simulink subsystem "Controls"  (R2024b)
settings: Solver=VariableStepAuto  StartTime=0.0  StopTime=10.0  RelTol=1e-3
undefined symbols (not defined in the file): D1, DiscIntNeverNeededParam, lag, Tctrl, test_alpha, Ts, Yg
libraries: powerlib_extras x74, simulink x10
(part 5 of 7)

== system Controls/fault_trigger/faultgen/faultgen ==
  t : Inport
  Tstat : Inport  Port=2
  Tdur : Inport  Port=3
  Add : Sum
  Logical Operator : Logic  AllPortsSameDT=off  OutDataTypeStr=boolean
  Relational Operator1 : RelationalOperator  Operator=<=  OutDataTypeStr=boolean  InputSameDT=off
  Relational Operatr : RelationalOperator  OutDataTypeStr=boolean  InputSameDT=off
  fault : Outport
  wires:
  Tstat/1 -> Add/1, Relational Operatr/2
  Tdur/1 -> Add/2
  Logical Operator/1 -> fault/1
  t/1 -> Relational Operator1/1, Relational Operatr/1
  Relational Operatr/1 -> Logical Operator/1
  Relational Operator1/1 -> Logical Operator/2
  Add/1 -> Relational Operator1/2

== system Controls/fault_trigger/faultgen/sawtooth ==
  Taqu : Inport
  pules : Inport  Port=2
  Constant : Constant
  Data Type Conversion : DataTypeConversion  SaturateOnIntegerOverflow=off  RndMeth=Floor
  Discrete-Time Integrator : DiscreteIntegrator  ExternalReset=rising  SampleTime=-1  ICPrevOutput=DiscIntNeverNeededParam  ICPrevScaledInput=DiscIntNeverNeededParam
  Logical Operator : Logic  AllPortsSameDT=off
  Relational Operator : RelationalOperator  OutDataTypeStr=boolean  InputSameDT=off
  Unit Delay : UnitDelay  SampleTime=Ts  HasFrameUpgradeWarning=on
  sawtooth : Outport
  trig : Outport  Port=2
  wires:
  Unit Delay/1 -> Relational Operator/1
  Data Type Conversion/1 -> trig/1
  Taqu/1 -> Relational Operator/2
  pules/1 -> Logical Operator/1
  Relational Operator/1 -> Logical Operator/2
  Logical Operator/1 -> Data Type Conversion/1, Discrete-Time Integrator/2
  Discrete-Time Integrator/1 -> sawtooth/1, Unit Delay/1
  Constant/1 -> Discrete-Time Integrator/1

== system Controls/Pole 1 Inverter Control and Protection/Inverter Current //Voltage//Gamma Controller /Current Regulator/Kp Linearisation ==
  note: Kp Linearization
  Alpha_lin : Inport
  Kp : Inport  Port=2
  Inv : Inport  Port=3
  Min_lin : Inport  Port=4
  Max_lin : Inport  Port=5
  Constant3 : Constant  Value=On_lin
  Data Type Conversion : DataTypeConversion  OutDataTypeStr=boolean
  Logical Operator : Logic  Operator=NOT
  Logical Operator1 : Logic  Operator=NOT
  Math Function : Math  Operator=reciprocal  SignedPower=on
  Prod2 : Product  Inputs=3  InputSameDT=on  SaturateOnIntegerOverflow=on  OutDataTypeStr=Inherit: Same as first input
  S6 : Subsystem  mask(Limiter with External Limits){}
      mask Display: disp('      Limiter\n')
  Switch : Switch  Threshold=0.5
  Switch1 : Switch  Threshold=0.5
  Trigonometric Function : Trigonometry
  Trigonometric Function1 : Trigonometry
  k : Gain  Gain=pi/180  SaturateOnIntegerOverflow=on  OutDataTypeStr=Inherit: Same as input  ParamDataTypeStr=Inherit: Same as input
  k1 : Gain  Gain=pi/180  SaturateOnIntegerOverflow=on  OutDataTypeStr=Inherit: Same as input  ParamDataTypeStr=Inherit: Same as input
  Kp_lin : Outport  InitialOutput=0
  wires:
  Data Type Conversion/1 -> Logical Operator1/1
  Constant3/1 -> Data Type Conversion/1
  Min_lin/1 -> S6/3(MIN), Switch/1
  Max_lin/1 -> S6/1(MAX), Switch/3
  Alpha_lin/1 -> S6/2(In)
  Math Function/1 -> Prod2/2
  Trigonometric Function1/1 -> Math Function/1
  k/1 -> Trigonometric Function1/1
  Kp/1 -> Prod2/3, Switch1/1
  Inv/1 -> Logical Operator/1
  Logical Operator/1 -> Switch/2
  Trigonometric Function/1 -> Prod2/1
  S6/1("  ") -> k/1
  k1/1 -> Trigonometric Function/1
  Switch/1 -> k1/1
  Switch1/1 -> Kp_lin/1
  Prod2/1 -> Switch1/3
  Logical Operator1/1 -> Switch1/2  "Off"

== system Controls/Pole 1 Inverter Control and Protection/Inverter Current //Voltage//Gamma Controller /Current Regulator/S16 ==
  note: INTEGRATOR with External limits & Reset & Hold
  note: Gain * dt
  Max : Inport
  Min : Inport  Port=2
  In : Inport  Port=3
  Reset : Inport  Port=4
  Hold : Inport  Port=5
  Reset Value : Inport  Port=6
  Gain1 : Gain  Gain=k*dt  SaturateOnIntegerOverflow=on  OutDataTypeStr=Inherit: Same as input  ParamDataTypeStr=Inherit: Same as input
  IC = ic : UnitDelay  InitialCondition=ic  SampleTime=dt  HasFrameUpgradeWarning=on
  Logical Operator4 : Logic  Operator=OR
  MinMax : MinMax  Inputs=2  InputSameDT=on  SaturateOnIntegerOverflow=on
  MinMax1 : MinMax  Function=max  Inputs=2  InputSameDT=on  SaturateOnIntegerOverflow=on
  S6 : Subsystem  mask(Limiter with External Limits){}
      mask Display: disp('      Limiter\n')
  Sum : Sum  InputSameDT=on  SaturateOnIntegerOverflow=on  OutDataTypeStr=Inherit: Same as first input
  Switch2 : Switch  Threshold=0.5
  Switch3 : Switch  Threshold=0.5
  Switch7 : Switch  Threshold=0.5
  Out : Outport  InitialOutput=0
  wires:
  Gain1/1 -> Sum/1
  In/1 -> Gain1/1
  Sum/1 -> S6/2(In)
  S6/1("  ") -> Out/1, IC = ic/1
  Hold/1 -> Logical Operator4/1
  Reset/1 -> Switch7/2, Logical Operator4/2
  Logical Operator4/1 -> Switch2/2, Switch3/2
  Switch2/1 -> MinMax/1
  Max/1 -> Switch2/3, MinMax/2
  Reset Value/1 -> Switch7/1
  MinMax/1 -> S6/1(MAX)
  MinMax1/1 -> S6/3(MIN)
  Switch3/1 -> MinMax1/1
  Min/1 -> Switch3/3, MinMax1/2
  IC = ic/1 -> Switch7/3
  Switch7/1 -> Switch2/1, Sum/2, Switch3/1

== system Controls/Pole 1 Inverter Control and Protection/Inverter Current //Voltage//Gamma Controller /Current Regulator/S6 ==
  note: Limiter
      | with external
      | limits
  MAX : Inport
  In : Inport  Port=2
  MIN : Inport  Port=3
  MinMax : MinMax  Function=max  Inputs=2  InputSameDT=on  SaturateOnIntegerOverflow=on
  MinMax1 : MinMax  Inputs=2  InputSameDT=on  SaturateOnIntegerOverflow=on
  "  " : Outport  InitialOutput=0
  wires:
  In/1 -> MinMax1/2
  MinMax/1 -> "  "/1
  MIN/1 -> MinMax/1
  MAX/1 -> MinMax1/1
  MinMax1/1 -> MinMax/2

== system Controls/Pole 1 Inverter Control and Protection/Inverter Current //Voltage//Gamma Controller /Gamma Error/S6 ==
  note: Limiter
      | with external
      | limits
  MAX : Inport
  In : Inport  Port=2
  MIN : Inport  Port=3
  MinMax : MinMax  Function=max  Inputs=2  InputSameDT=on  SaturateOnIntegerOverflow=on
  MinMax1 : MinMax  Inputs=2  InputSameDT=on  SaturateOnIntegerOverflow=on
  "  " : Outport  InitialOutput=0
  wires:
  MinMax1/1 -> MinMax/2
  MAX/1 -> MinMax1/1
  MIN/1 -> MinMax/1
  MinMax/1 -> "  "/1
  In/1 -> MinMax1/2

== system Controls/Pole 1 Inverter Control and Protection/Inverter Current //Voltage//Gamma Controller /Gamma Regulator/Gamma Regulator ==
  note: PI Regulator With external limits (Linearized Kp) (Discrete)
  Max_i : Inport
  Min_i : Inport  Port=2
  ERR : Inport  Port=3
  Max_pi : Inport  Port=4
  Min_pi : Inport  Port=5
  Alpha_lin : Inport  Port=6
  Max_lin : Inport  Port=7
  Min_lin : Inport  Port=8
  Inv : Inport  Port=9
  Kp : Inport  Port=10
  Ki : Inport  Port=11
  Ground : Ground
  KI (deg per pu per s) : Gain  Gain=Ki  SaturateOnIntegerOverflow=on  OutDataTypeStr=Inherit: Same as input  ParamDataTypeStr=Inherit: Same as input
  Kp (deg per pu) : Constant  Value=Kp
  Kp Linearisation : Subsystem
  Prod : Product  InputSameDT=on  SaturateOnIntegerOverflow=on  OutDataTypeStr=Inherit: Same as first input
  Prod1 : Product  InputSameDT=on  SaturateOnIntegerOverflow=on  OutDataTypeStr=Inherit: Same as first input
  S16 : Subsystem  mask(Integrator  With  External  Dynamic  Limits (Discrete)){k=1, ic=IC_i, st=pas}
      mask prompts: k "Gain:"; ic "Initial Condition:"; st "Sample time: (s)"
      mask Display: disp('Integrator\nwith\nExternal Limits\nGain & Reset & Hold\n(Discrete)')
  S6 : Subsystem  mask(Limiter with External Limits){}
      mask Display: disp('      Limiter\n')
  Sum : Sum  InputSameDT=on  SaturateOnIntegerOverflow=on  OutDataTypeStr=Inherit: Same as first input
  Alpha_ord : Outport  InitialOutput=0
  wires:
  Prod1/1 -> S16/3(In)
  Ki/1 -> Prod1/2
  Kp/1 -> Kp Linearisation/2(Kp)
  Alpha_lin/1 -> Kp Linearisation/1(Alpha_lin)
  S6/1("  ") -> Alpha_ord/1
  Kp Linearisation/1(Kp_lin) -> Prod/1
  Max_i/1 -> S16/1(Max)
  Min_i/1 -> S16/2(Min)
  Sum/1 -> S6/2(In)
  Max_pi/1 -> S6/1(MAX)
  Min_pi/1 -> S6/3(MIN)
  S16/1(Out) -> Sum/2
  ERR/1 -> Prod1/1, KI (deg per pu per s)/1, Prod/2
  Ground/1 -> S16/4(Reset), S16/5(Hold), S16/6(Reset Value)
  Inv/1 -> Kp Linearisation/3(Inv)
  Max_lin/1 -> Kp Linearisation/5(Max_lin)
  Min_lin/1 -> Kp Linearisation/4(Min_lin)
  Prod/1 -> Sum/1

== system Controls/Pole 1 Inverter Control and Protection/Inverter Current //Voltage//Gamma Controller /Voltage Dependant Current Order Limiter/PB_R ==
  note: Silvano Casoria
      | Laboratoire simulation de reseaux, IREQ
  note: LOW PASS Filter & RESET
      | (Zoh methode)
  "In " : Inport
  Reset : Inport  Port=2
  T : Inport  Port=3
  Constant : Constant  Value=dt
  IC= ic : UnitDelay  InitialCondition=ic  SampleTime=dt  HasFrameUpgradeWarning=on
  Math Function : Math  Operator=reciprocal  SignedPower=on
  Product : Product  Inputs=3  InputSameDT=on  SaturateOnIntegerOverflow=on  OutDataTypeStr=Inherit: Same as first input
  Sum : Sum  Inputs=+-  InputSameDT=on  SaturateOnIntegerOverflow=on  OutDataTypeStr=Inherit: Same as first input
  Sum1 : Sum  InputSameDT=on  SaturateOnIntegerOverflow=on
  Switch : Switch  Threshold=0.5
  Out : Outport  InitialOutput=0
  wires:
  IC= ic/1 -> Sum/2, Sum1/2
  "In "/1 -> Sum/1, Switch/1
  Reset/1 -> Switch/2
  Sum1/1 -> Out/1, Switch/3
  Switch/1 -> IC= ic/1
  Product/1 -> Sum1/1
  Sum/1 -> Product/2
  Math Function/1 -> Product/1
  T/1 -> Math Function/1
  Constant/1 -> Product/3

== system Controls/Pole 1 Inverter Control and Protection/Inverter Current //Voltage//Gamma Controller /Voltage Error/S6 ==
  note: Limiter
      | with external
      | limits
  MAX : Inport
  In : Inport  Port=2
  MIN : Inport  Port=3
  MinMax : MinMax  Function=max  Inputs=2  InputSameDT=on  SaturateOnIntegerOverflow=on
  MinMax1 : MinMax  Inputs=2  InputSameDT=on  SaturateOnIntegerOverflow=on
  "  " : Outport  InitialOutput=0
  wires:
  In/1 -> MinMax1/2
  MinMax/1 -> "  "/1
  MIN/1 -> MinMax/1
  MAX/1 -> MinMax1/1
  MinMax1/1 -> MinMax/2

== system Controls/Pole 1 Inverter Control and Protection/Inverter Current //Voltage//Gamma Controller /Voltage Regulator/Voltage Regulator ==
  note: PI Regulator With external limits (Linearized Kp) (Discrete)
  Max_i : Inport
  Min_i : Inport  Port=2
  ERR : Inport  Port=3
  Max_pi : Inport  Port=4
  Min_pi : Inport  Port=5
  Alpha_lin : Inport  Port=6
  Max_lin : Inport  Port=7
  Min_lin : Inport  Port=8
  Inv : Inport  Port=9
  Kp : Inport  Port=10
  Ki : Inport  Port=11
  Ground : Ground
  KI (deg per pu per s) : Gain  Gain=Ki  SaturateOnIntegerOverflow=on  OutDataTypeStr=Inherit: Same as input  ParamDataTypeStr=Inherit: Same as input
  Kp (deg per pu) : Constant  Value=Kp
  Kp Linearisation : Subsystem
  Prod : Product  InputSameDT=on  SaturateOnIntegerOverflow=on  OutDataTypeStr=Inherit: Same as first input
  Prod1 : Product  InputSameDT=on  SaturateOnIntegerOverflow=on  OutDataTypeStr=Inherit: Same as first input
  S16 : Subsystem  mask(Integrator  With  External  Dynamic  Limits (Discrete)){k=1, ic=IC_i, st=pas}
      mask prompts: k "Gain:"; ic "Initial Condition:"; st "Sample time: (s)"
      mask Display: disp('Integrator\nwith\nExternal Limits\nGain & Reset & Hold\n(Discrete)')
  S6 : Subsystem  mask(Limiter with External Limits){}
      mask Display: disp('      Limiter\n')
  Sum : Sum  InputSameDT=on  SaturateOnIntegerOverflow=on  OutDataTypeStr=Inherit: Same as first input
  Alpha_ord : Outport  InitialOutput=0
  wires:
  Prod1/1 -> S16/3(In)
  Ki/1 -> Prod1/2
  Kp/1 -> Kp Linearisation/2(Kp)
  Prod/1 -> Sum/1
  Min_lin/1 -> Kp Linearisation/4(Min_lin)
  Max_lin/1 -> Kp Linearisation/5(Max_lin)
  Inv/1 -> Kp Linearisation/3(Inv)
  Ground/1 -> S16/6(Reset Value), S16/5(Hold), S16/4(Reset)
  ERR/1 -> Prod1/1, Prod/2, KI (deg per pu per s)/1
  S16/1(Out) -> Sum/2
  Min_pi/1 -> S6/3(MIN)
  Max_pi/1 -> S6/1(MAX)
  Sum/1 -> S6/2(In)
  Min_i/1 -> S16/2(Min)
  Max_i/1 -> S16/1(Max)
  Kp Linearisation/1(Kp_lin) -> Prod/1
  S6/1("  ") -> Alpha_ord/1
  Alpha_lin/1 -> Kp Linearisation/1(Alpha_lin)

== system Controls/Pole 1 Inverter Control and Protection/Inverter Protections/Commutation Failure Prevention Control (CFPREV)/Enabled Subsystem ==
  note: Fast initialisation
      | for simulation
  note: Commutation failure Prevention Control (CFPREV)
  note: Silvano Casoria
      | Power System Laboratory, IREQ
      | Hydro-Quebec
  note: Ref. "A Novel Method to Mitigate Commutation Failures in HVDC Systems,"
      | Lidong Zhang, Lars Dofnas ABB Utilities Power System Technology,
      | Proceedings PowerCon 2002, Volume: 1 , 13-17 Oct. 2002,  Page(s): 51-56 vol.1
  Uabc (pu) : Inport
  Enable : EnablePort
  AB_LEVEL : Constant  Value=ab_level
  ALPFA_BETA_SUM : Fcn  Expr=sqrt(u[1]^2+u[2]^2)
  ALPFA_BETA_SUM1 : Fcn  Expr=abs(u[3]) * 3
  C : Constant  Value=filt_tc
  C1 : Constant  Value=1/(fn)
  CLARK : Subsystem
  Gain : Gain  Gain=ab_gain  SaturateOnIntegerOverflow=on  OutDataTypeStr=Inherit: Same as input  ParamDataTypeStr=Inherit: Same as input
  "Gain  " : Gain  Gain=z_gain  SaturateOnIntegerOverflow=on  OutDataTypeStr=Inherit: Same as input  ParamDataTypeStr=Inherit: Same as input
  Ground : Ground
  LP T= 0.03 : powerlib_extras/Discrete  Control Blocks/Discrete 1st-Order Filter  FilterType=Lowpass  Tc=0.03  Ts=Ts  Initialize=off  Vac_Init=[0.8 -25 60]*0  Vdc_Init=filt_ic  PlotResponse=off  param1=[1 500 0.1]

▸ **Activity**
Copy out the entries exactly. Begin at the first line and end with the line that has "Relational Operator : RelationalOperator".

▸ **Result below**
simulink subsystem "Controls"  (R2024b)
settings: Solver=VariableStepAuto  StartTime=0.0  StopTime=10.0  RelTol=1e-3
undefined symbols (not defined in the file): D1, DiscIntNeverNeededParam, lag, Tctrl, test_alpha, Ts, Yg
libraries: powerlib_extras x74, simulink x10
(part 5 of 7)

== system Controls/fault_trigger/faultgen/faultgen ==
  t : Inport
  Tstat : Inport  Port=2
  Tdur : Inport  Port=3
  Add : Sum
  Logical Operator : Logic  AllPortsSameDT=off  OutDataTypeStr=boolean
  Relational Operator1 : RelationalOperator  Operator=<=  OutDataTypeStr=boolean  InputSameDT=off
  Relational Operatr : RelationalOperator  OutDataTypeStr=boolean  InputSameDT=off
  fault : Outport
  wires:
  Tstat/1 -> Add/1, Relational Operatr/2
  Tdur/1 -> Add/2
  Logical Operator/1 -> fault/1
  t/1 -> Relational Operator1/1, Relational Operatr/1
  Relational Operatr/1 -> Logical Operator/1
  Relational Operator1/1 -> Logical Operator/2
  Add/1 -> Relational Operator1/2

== system Controls/fault_trigger/faultgen/sawtooth ==
  Taqu : Inport
  pules : Inport  Port=2
  Constant : Constant
  Data Type Conversion : DataTypeConversion  SaturateOnIntegerOverflow=off  RndMeth=Floor
  Discrete-Time Integrator : DiscreteIntegrator  ExternalReset=rising  SampleTime=-1  ICPrevOutput=DiscIntNeverNeededParam  ICPrevScaledInput=DiscIntNeverNeededParam
  Logical Operator : Logic  AllPortsSameDT=off
  Relational Operator : RelationalOperator  OutDataTypeStr=boolean  InputSameDT=off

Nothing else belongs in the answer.